Quant aux conséquences des tensions commerciales sur l'économie mondiale, les universitaires et les décideurs politiques s'efforcent toujours de quantifier dans quelle mesure ces tensions ont eu un impact sur le ralentissement économique mondial de 2019. À cet égard, le point de vue dominant soutient que "la faiblesse de la croissance est due à une forte détérioration de l'activité manufacturière et du commerce mondial, avec des droits de douane plus élevés et une incertitude prolongée de la politique commerciale qui nuit à l'investissement et à la demande de biens d'équipement" (Gopinath (2019)). Il existe plusieurs canaux par lesquels les droits de douane peuvent entraver l'activité économique mondiale. Par exemple, des droits de douane plus élevés augmentent le prix des biens importés, déplaçant la demande vers la production nationale et réduisant les revenus des producteurs étrangers. Ces pertes peuvent être encore amplifiées par des effets de second tour dans la chaîne de valeur mondiale (c'est-à-dire que les exportateurs qui réduisent la production diminuent à leur tour leur demande de biens intermédiaires) qui peuvent finalement se répercuter sur le pays qui impose les taxes. Un autre canal est lié au risque : les menaces tarifaires peuvent accroître l'incertitude quant à la rentabilité des projets d'investissement, les rendant ainsi moins attrayants et entraînant un retard des investissements, ce qui nuit aux perspectives économiques. Il n'y a cependant pas de consensus fort sur lequel de ces canaux prévaut ou sur la quantification des effets de l'augmentation des tensions commerciales. Par exemple, les modèles d'équilibre général basés sur les élasticités commerciales ne produisent des effets importants des barrières commerciales que dans l'hypothèse de chocs importants. Des contributions récentes ont également suggéré que ces résultats pourraient être dus à d'importantes asymétries dans la réaction aux tarifs (Furceri et al. (2018)), ou à des changements dans le mécanisme d'ajustement des taux de change au cours de la dernière décennie (Eichengreen (2017)).
Dans ce contexte, notre document propose trois contributions innovantes à la littérature existante. Tout d'abord, nous construisons une approximation des chocs de tensions commerciales en adoptant une nouvelle approche, qui est basée sur l'analyse textuelle.

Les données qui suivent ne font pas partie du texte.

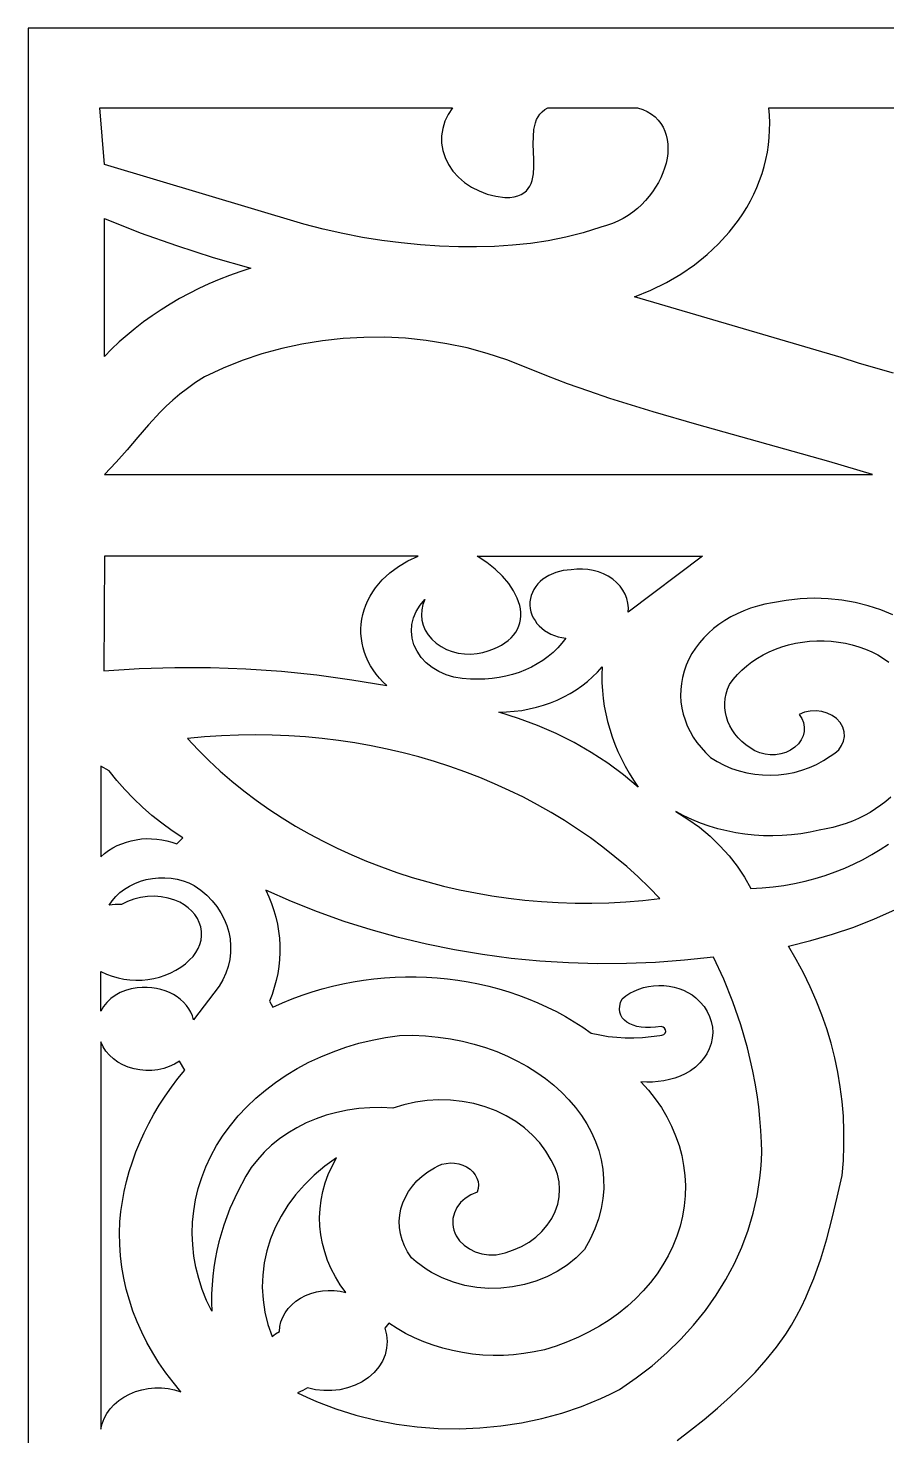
# Model space of a CAD drawing. Header units: millimetres. Extents: x -773 to -473, y -1647 to -1542.
# Drawn here: x -772.5 to -731.6, y -1609.2 to -1542.1 of the extents above; entities that cross this region are included whole.
import ezdxf

# ---------------------------------------------------------------- set-up
doc = ezdxf.new("R2010")
doc.units = ezdxf.units.MM
doc.header["$MEASUREMENT"] = 0

msp = doc.modelspace()

# ---------------------------------------------------------------- linework, layer by layer
for points in [[(-622.518433, -1542.117432), (-772.518739, -1542.117432), (-772.518739, -1647.018188)], [(-752.026643, -1552.531372), (-752.933747, -1552.498535), (-753.845185, -1552.437988), (-754.760865, -1552.348877), (-755.680756, -1552.230469), (-756.604737, -1552.082397), (-757.532807, -1551.903931), (-758.464875, -1551.694336), (-759.400849, -1551.453125), (-768.889161, -1548.615845), (-769.107545, -1545.909424), (-752.311738, -1545.909424), (-752.520387, -1546.224243), (-752.676942, -1546.554199), (-752.781068, -1546.89502), (-752.832459, -1547.242676), (-752.830811, -1547.592773), (-752.775819, -1547.941284), (-752.667176, -1548.283936), (-752.504548, -1548.616577), (-752.291779, -1548.929688), (-752.035645, -1549.214355), (-751.740296, -1549.468384), (-751.409943, -1549.689209), (-751.048707, -1549.874268), (-750.660828, -1550.021362), (-750.250428, -1550.128052), (-749.821748, -1550.191772), (-749.588868, -1550.181885), (-749.383088, -1550.153076), (-749.20276, -1550.106445), (-749.046326, -1550.042847), (-748.912141, -1549.963623), (-748.798554, -1549.869873), (-748.70398, -1549.762451), (-748.626801, -1549.642822), (-748.565369, -1549.511841), (-748.518067, -1549.370605), (-748.459473, -1549.062012), (-748.437989, -1548.72583), (-748.440705, -1548.370728), (-748.466859, -1547.639526), (-748.464387, -1547.280884), (-748.434266, -1546.938599), (-748.363557, -1546.62146), (-748.30893, -1546.475098), (-748.239289, -1546.338379), (-748.153016, -1546.21228), (-748.048493, -1546.0979), (-747.924134, -1545.996582), (-747.77826, -1545.90918), (-743.499329, -1545.909424), (-743.256928, -1545.990967), (-743.038239, -1546.091431), (-742.842835, -1546.209717), (-742.670228, -1546.344604), (-742.52002, -1546.494751), (-742.391694, -1546.658813), (-742.284821, -1546.835449), (-742.198975, -1547.02356), (-742.133668, -1547.22168), (-742.088441, -1547.428711), (-742.062836, -1547.643066), (-742.056458, -1547.86377), (-742.068757, -1548.089355), (-742.099366, -1548.318604), (-742.147767, -1548.550171), (-742.213532, -1548.782715), (-742.296204, -1549.015137), (-742.395325, -1549.246094), (-742.510468, -1549.474121), (-742.641114, -1549.69812), (-742.786866, -1549.916748), (-742.947266, -1550.128662), (-743.121827, -1550.332764), (-743.31012, -1550.527344), (-743.511658, -1550.71167), (-743.726014, -1550.884033), (-743.952729, -1551.043213), (-744.191346, -1551.18811), (-744.441407, -1551.317261), (-744.702485, -1551.429443), (-744.974061, -1551.523315), (-745.255738, -1551.597656), (-746.087525, -1551.862549), (-746.923585, -1552.077637), (-747.763856, -1552.246704), (-748.608338, -1552.373291), (-749.45691, -1552.461304), (-750.309571, -1552.514282), (-751.16623, -1552.536133), (-752.026856, -1552.530518)], [(-731.308717, -1558.548706), (-732.156312, -1558.318481), (-732.99054, -1558.072754), (-733.810151, -1557.812012), (-743.644654, -1554.921509), (-742.867707, -1554.603271), (-742.132203, -1554.239746), (-741.439973, -1553.833618), (-740.793031, -1553.387573), (-740.193238, -1552.904175), (-739.642518, -1552.386475), (-739.142823, -1551.836792), (-738.696076, -1551.258179), (-738.493165, -1550.95874), (-738.304169, -1550.653198), (-738.129395, -1550.341675), (-737.969056, -1550.024658), (-737.823426, -1549.702271), (-737.692658, -1549.375122), (-737.577088, -1549.043335), (-737.476899, -1548.707397), (-737.392335, -1548.367554), (-737.32367, -1548.02417), (-737.271119, -1547.677734), (-737.234925, -1547.328369), (-737.215333, -1546.97644), (-737.212586, -1546.622437), (-737.226899, -1546.266602), (-737.258546, -1545.90918)], [(-737.258546, -1545.909424), (-720.015748, -1545.909424)], [(-768.889161, -1557.759888), (-768.889161, -1551.190308), (-767.188447, -1551.860596), (-765.459382, -1552.478516), (-763.703736, -1553.043579), (-761.923341, -1553.555298), (-762.43448, -1553.721313), (-762.937348, -1553.901367), (-763.431519, -1554.095215), (-763.916627, -1554.30249), (-764.392304, -1554.523071), (-764.858125, -1554.756714), (-765.313721, -1555.003174), (-765.758668, -1555.262207), (-766.192658, -1555.533569), (-766.615235, -1555.817017), (-767.026002, -1556.112427), (-767.424622, -1556.419434), (-767.81067, -1556.737915), (-768.183747, -1557.067505), (-768.543519, -1557.408081), (-768.889558, -1557.759399)], [(-768.889161, -1563.383545), (-732.323365, -1563.383545), (-734.395966, -1562.764893), (-736.487366, -1562.172974), (-740.681428, -1561.004883), (-742.761658, -1560.396973), (-744.815644, -1559.751587), (-745.829285, -1559.410034), (-746.832185, -1559.052979), (-747.822907, -1558.678711), (-748.80005, -1558.285156), (-749.720094, -1557.921997), (-750.65976, -1557.61145), (-751.615907, -1557.353271), (-752.58545, -1557.147461), (-753.565217, -1556.994019), (-754.552125, -1556.8927), (-755.543031, -1556.843506), (-756.534791, -1556.846436), (-757.524354, -1556.901123), (-758.508576, -1557.007813), (-759.484284, -1557.16626), (-760.448426, -1557.376221), (-761.397828, -1557.637939), (-762.329408, -1557.95105), (-763.240022, -1558.315674), (-764.126557, -1558.731567), (-764.546662, -1559.000732), (-764.935212, -1559.275513), (-765.295472, -1559.555176), (-765.630708, -1559.839233), (-765.944184, -1560.127197), (-766.239167, -1560.418335), (-766.786683, -1561.008057), (-767.299348, -1561.604004), (-767.803345, -1562.201416), (-768.324677, -1562.795898), (-768.889558, -1563.382568)], [(-751.133851, -1567.276123), (-740.404939, -1567.276123), (-743.949464, -1569.944336), (-743.938599, -1569.723511), (-743.959138, -1569.505127), (-744.010133, -1569.291626), (-744.090516, -1569.084961), (-744.199403, -1568.887207), (-744.335755, -1568.700439), (-744.498597, -1568.5271), (-744.686951, -1568.369019), (-744.896485, -1568.230591), (-745.12201, -1568.114502), (-745.360902, -1568.02124), (-745.610505, -1567.95166), (-745.868226, -1567.906128), (-746.13144, -1567.885376), (-746.397462, -1567.890015), (-746.663758, -1567.920532), (-746.856293, -1567.930176), (-747.043641, -1567.954468), (-747.399201, -1568.044434), (-747.723359, -1568.184814), (-748.009034, -1568.370361), (-748.135224, -1568.478271), (-748.249146, -1568.595337), (-748.349885, -1568.720947), (-748.436585, -1568.854248), (-748.508363, -1568.994873), (-748.564332, -1569.141846), (-748.603577, -1569.294556), (-748.625245, -1569.452393), (-748.628358, -1569.611206), (-748.613251, -1569.766846), (-748.58072, -1569.918457), (-748.531495, -1570.06543), (-748.46637, -1570.207031), (-748.386109, -1570.342163), (-748.291444, -1570.470337), (-748.183198, -1570.590698), (-747.928956, -1570.804932), (-747.629456, -1570.978516), (-747.290833, -1571.105225), (-747.108765, -1571.14917), (-746.919251, -1571.178955), (-747.103272, -1571.418579), (-747.305726, -1571.644531), (-747.525452, -1571.856567), (-747.761414, -1572.054199), (-748.012452, -1572.236694), (-748.277497, -1572.403931), (-748.555421, -1572.555176), (-748.845094, -1572.690063), (-749.145417, -1572.808105), (-749.455323, -1572.908936), (-749.773682, -1572.991821), (-750.099366, -1573.056519), (-750.431275, -1573.102539), (-750.768311, -1573.129272), (-751.109376, -1573.136353), (-751.453339, -1573.123291), (-751.856599, -1573.100708), (-752.245789, -1573.032104), (-752.615815, -1572.919922), (-752.961671, -1572.766968), (-753.27823, -1572.575806), (-753.560487, -1572.349121), (-753.803345, -1572.0896), (-754.00174, -1571.799805), (-754.147614, -1571.489746), (-754.236848, -1571.170654), (-754.270203, -1570.84729), (-754.248353, -1570.524658), (-754.17215, -1570.20752), (-754.042268, -1569.901123), (-753.859498, -1569.609985), (-753.624543, -1569.339233), (-753.721375, -1569.5802), (-753.777711, -1569.826172), (-753.794038, -1570.073975), (-753.770936, -1570.320313), (-753.708955, -1570.562012), (-753.608674, -1570.795898), (-753.470612, -1571.018799), (-753.29535, -1571.227295), (-753.087678, -1571.414795), (-752.854737, -1571.575439), (-752.60022, -1571.708374), (-752.327821, -1571.812256), (-752.041322, -1571.885986), (-751.744386, -1571.928467), (-751.440736, -1571.938354), (-751.134034, -1571.914551), (-750.86609, -1571.854248), (-750.617677, -1571.783081), (-750.388581, -1571.70166), (-750.178529, -1571.610474), (-749.987366, -1571.510254), (-749.814851, -1571.401245), (-749.660737, -1571.28418), (-749.524781, -1571.159424), (-749.4068, -1571.02771), (-749.30658, -1570.889404), (-749.223847, -1570.745117), (-749.158387, -1570.595459), (-749.110017, -1570.440918), (-749.078492, -1570.28186), (-749.063569, -1570.118896), (-749.065003, -1569.952759), (-749.082642, -1569.783691), (-749.116212, -1569.612427), (-749.230256, -1569.265259), (-749.405396, -1568.915405), (-749.639771, -1568.567139), (-749.931611, -1568.224731), (-750.279145, -1567.892456), (-750.680543, -1567.574585), (-751.134034, -1567.275391)], [(-731.340455, -1570.067017), (-731.921387, -1569.829834), (-732.524293, -1569.633301), (-733.145875, -1569.478638), (-733.782899, -1569.367065), (-734.432099, -1569.299683), (-735.09015, -1569.277832), (-735.753754, -1569.302734), (-736.419648, -1569.375366), (-737.084534, -1569.497192), (-737.440339, -1569.563721), (-737.787019, -1569.64917), (-738.123719, -1569.752808), (-738.449525, -1569.874023), (-738.763551, -1570.012085), (-739.064881, -1570.166504), (-739.352692, -1570.336426), (-739.626038, -1570.521484), (-739.884003, -1570.720825), (-740.125733, -1570.933838), (-740.350343, -1571.159912), (-740.556947, -1571.39856), (-740.744599, -1571.648926), (-740.912446, -1571.9104), (-741.059602, -1572.182373), (-741.185151, -1572.464111), (-741.287171, -1572.752441), (-741.364716, -1573.043335), (-741.418061, -1573.335815), (-741.447449, -1573.629028), (-741.453126, -1573.921997), (-741.435334, -1574.213745), (-741.394318, -1574.503418), (-741.330354, -1574.789795), (-741.243684, -1575.072266), (-741.134553, -1575.349609), (-741.003205, -1575.62085), (-740.849915, -1575.885254), (-740.674897, -1576.141846), (-740.478455, -1576.389526), (-740.260773, -1576.627441), (-740.022157, -1576.854492), (-739.704682, -1577.056396), (-739.371369, -1577.230957), (-739.024506, -1577.37793), (-738.666413, -1577.497559), (-738.299439, -1577.5896), (-737.925874, -1577.654419), (-737.548035, -1577.691895), (-737.168275, -1577.701904), (-736.78888, -1577.684814), (-736.412171, -1577.640259), (-736.040498, -1577.568604), (-735.676148, -1577.469604), (-735.321473, -1577.343384), (-734.978761, -1577.190063), (-734.65033, -1577.009521), (-734.338563, -1576.802002), (-734.108857, -1576.659912), (-733.923859, -1576.488281), (-733.785462, -1576.293579), (-733.695618, -1576.082275), (-733.65619, -1575.860596), (-733.669129, -1575.635254), (-733.736329, -1575.412598), (-733.859742, -1575.199097), (-734.032349, -1575.010376), (-734.240876, -1574.858276), (-734.477479, -1574.744385), (-734.734315, -1574.67041), (-735.003571, -1574.637817), (-735.277406, -1574.648315), (-735.547913, -1574.703491), (-735.807343, -1574.804932), (-735.684449, -1574.997803), (-735.605286, -1575.200684), (-735.569215, -1575.408691), (-735.575593, -1575.617432), (-735.623841, -1575.822388), (-735.71338, -1576.019043), (-735.843537, -1576.202881), (-736.013734, -1576.369385), (-736.216035, -1576.509644), (-736.439515, -1576.616821), (-736.67862, -1576.69043), (-736.927827, -1576.730103), (-737.18158, -1576.735229), (-737.434357, -1576.705444), (-737.680604, -1576.640137), (-737.914735, -1576.539063), (-738.142457, -1576.404297), (-738.352052, -1576.255615), (-738.543, -1576.094482), (-738.714906, -1575.921875), (-738.867341, -1575.738892), (-738.999818, -1575.546997), (-739.111878, -1575.347168), (-739.203095, -1575.140503), (-739.273011, -1574.928345), (-739.321168, -1574.711792), (-739.347169, -1574.492065), (-739.350465, -1574.270264), (-739.330689, -1574.047607), (-739.287354, -1573.825317), (-739.220033, -1573.60437), (-739.128236, -1573.38623), (-738.948365, -1573.142334), (-738.750092, -1572.911499), (-738.534425, -1572.69397), (-738.30243, -1572.490234), (-738.055177, -1572.300781), (-737.793671, -1572.126221), (-737.518952, -1571.967041), (-737.232087, -1571.823486), (-736.934083, -1571.696289), (-736.626008, -1571.585938), (-736.3089, -1571.492676), (-735.983796, -1571.417236), (-735.651734, -1571.360107), (-735.313783, -1571.321533), (-734.970918, -1571.302246), (-734.624238, -1571.302612), (-734.278382, -1571.322754), (-733.93805, -1571.362427), (-733.60431, -1571.420898), (-733.278077, -1571.497681), (-732.96045, -1571.592285), (-732.652345, -1571.704102), (-732.354737, -1571.83252), (-732.068726, -1571.977051), (-731.795167, -1572.137207), (-731.535218, -1572.312378)], [(-745.194764, -1572.54541), (-745.205506, -1572.921265), (-745.199982, -1573.296387), (-745.178284, -1573.67041), (-745.140504, -1574.042969), (-745.086762, -1574.413574), (-745.017152, -1574.782104), (-744.931763, -1575.148071), (-744.83072, -1575.51123), (-744.714112, -1575.871216), (-744.582032, -1576.227661), (-744.434602, -1576.5802), (-744.271912, -1576.928589), (-744.094086, -1577.272461), (-743.901215, -1577.61145), (-743.693421, -1577.94519), (-743.470765, -1578.273438), (-744.17627, -1577.68457), (-744.922089, -1577.133911), (-745.705872, -1576.622559), (-746.525239, -1576.151855), (-747.37793, -1575.7229), (-748.261536, -1575.337036), (-749.173768, -1574.995605), (-750.112244, -1574.699951), (-749.744233, -1574.689697), (-749.380189, -1574.661133), (-749.020997, -1574.614502), (-748.667542, -1574.550293), (-748.320679, -1574.46875), (-747.981324, -1574.370361), (-747.650361, -1574.255615), (-747.328675, -1574.124634), (-747.017121, -1573.978027), (-746.716615, -1573.816162), (-746.42804, -1573.639404), (-746.152253, -1573.447998), (-745.890199, -1573.242554), (-745.64267, -1573.023438), (-745.410645, -1572.790894), (-745.194947, -1572.54541)], [(-764.927338, -1575.96167), (-764.429169, -1576.49353), (-763.9115, -1577.008545), (-763.37497, -1577.506592), (-762.820222, -1577.987305), (-762.247865, -1578.450684), (-761.658509, -1578.89624), (-761.052857, -1579.323975), (-760.431458, -1579.733643), (-759.795014, -1580.125), (-759.144105, -1580.497803), (-758.479432, -1580.851929), (-757.801514, -1581.187012), (-757.111085, -1581.503052), (-756.408753, -1581.799561), (-755.69513, -1582.07666), (-754.970826, -1582.333862), (-754.236512, -1582.571045), (-753.492829, -1582.787964), (-752.740388, -1582.984497), (-751.979798, -1583.160278), (-751.211732, -1583.315308), (-750.436799, -1583.449219), (-749.65564, -1583.561768), (-748.868867, -1583.652832), (-748.077119, -1583.722168), (-747.281068, -1583.769531), (-746.481263, -1583.7948), (-745.678437, -1583.797607), (-744.873139, -1583.777954), (-744.066041, -1583.735474), (-743.257752, -1583.669922), (-742.448945, -1583.581177), (-742.954652, -1583.057739), (-743.479005, -1582.550659), (-744.021424, -1582.060181), (-744.581269, -1581.586548), (-745.15799, -1581.129883), (-745.750947, -1580.69043), (-746.359589, -1580.268311), (-746.983277, -1579.86377), (-747.621461, -1579.477051), (-748.27356, -1579.108398), (-748.938905, -1578.757935), (-749.616944, -1578.425903), (-750.307099, -1578.112427), (-751.008729, -1577.817749), (-751.721314, -1577.542114), (-752.444184, -1577.285645), (-753.176789, -1577.048706), (-753.918519, -1576.831299), (-754.668763, -1576.633789), (-755.426942, -1576.456177), (-756.192475, -1576.298828), (-756.964753, -1576.161987), (-757.743195, -1576.045654), (-758.527161, -1575.950317), (-759.316132, -1575.875854), (-760.109467, -1575.822754), (-760.906556, -1575.791016), (-761.706849, -1575.780884), (-762.509705, -1575.792725), (-763.314545, -1575.826416), (-764.120789, -1575.882446), (-764.927857, -1575.960938)], [(-731.451234, -1578.752686), (-731.678223, -1578.950073), (-731.91742, -1579.136475), (-732.168275, -1579.311646), (-732.430177, -1579.47522), (-732.702515, -1579.626831), (-732.98462, -1579.766113), (-733.276002, -1579.8927), (-733.575928, -1580.006226), (-733.883851, -1580.106445), (-734.199158, -1580.192871), (-734.521241, -1580.265137), (-734.849458, -1580.322998), (-735.287354, -1580.419556), (-735.728638, -1580.495117), (-736.172272, -1580.549927), (-736.617249, -1580.583984), (-737.06247, -1580.597534), (-737.506959, -1580.590576), (-737.949647, -1580.563477), (-738.389527, -1580.516113), (-738.825532, -1580.448853), (-739.256654, -1580.361694), (-739.681824, -1580.254883), (-740.100037, -1580.128418), (-740.510255, -1579.982544), (-740.911439, -1579.817383), (-741.302552, -1579.633057), (-741.682557, -1579.429688), (-741.103638, -1579.792969), (-740.559052, -1580.187256), (-740.050507, -1580.61084), (-739.579652, -1581.06189), (-739.148133, -1581.538818), (-738.75763, -1582.040039), (-738.409791, -1582.563721), (-738.106355, -1583.108154), (-737.57486, -1583.07666), (-737.050813, -1583.024658), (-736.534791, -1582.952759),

Plus précisément, nous utilisons un algorithme d'apprentissage machine supervisé pour évaluer le "contenu protectionniste" relatif d'un large ensemble d'annonces dans la "guerre commerciale" sino-américaine. La série chronologique de ces scores fournit une mesure de la tension commerciale, qui peut être utilisée pour quantifier leur impact sur l'économie mondiale. Ensuite, nous montrons que la mesure construite est exogène aux évolutions des marchés financiers (tant nationaux que mondiaux), ce qui confirme l'hypothèse principale selon laquelle les annonces ont été largement inattendues par les marchés. Ce résultat est en effet pertinent car il permet d'utiliser l'indicateur comme mesure des surprises inattendues en matière de politique commerciale. Enfin, nous utilisons l'indice pour évaluer la réaction des agents financiers à une augmentation des tensions commerciales. Nous montrons qu'un choc de tension commerciale n'affecte pratiquement pas le marché boursier américain, sauf pour les entreprises fortement exposées à la Chine, tout en provoquant une contraction des indices boursiers tant en Chine que dans les autres économies de marché émergentes (EME). En outre, le même choc entraîne une appréciation du dollar américain et une large dépréciation des monnaies des EME, tandis que les monnaies des pays en sécurité ne sont pratiquement pas touchées. L'absence d'effets de refuge semble suggérer que les chocs de tension commerciale sont interprétés par les investisseurs internationaux comme une demande négative pour la production chinoise plutôt que comme un choc mondial d'aversion au risque, l'appréciation du dollar américain reflétant simplement un rééquilibrage commercial. Cette intuition est encore renforcée par les résultats obtenus pour les marchés de titres à revenu fixe. Si, en effet, les rendements à long terme américains ne réagissent pas de manière significative au choc, les acteurs du marché des EME ont tendance à remplacer les actions par des obligations, rééquilibrant ainsi efficacement leurs portefeuilles.